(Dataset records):
[Start of section]

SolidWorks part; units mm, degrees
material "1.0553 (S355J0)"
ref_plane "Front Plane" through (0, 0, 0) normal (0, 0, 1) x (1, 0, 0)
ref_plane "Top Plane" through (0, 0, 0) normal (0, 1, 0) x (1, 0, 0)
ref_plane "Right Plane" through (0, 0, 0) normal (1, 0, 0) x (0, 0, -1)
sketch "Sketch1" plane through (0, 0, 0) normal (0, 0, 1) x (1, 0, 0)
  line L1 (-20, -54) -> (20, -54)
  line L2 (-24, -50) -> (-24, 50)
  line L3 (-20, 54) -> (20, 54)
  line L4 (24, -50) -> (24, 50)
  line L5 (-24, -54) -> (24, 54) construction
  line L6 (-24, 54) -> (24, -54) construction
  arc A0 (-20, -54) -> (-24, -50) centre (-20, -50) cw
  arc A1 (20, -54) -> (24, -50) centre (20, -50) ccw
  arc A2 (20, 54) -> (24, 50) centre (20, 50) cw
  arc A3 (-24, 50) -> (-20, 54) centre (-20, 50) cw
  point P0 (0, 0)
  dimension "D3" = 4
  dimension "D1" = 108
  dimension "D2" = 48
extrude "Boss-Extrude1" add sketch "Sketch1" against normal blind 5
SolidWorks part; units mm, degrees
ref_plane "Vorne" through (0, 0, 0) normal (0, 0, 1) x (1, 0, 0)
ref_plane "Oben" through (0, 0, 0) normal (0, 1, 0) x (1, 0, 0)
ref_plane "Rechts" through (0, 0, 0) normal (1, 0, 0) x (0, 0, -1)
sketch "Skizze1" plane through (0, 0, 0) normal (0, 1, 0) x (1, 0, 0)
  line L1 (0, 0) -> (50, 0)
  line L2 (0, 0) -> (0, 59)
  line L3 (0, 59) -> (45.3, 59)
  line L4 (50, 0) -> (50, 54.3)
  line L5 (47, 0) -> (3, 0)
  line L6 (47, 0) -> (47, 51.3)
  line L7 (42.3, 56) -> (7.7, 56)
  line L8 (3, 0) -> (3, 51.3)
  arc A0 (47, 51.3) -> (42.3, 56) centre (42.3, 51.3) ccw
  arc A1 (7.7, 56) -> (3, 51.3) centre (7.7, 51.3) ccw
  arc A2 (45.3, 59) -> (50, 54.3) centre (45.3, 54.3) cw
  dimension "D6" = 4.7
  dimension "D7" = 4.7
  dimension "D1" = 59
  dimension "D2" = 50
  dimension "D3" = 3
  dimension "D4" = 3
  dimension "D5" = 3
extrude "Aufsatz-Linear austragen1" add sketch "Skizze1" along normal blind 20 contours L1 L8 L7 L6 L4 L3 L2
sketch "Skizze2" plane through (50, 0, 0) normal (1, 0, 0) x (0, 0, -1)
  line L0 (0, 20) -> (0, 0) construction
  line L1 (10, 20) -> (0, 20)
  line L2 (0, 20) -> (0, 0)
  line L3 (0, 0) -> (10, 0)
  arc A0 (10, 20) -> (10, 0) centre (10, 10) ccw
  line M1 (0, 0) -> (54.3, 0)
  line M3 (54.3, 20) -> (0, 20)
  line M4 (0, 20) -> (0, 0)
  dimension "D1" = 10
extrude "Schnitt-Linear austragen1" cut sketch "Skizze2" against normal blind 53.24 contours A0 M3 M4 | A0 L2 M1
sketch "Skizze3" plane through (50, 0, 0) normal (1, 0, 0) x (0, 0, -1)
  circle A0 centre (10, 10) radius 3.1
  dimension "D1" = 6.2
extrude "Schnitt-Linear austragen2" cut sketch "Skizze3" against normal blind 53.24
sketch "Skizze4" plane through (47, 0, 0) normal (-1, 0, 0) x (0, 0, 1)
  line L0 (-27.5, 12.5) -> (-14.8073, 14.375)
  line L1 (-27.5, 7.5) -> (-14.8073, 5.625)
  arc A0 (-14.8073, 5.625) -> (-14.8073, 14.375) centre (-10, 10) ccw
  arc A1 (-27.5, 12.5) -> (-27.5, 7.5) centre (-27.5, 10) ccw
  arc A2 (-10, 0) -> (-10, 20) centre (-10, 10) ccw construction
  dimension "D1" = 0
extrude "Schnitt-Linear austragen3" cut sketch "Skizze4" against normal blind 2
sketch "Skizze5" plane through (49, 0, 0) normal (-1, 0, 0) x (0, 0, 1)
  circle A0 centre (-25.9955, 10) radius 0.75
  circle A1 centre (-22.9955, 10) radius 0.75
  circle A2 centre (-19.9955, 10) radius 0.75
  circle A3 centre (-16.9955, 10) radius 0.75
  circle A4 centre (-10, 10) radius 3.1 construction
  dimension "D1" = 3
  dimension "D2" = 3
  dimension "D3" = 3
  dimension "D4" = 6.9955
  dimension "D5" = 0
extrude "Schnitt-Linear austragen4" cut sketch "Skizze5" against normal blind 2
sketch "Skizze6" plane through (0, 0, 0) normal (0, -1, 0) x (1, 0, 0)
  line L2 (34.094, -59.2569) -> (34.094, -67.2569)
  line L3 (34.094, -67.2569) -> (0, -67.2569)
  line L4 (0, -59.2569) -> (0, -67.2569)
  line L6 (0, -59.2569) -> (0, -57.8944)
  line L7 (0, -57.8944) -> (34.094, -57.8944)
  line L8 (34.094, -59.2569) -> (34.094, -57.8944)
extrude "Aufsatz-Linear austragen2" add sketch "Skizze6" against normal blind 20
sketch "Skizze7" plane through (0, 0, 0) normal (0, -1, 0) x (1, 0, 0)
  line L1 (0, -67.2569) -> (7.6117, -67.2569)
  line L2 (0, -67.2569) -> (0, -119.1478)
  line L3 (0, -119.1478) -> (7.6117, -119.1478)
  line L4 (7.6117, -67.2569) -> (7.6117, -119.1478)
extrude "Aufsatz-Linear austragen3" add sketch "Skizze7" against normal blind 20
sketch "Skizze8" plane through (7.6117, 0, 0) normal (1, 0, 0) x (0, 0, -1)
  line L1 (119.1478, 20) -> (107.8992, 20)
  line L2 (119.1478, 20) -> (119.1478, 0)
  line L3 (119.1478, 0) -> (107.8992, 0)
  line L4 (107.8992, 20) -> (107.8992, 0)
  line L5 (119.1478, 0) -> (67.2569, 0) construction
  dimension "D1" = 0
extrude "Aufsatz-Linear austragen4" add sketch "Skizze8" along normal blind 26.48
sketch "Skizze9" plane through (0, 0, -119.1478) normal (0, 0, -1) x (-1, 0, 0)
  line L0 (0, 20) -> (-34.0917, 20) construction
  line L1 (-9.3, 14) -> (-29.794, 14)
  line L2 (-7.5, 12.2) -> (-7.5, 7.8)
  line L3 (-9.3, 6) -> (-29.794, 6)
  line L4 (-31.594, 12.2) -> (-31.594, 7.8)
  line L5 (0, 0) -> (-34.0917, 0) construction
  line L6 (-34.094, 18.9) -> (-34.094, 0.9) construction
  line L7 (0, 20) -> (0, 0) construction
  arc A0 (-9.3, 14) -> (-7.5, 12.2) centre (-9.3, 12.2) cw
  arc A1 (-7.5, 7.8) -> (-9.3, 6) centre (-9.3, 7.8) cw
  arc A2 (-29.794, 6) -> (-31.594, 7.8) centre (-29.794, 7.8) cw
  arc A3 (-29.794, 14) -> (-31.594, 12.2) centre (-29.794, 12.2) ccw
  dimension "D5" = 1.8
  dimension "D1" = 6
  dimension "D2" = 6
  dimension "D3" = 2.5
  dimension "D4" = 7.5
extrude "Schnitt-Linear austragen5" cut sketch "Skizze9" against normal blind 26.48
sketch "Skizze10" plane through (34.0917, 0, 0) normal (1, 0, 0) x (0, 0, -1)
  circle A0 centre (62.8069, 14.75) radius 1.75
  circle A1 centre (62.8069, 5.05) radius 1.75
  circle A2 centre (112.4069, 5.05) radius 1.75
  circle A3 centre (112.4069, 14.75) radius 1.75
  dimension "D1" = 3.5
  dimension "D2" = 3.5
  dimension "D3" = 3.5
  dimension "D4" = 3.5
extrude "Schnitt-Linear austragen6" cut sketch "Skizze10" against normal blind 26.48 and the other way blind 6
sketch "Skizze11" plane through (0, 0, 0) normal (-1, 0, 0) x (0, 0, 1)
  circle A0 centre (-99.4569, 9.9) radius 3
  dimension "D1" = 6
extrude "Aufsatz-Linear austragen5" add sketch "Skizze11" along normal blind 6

[End of section]

(Task instructions): Return every line above that contains the word "construction".

(Exercise answer):
  line L5 (-24, -54) -> (24, 54) construction
  line L6 (-24, 54) -> (24, -54) construction
  line L0 (0, 20) -> (0, 0) construction
  arc A2 (-10, 0) -> (-10, 20) centre (-10, 10) ccw construction
  circle A4 centre (-10, 10) radius 3.1 construction
  line L5 (119.1478, 0) -> (67.2569, 0) construction
  line L0 (0, 20) -> (-34.0917, 20) construction
  line L5 (0, 0) -> (-34.0917, 0) construction
  line L6 (-34.094, 18.9) -> (-34.094, 0.9) construction
  line L7 (0, 20) -> (0, 0) construction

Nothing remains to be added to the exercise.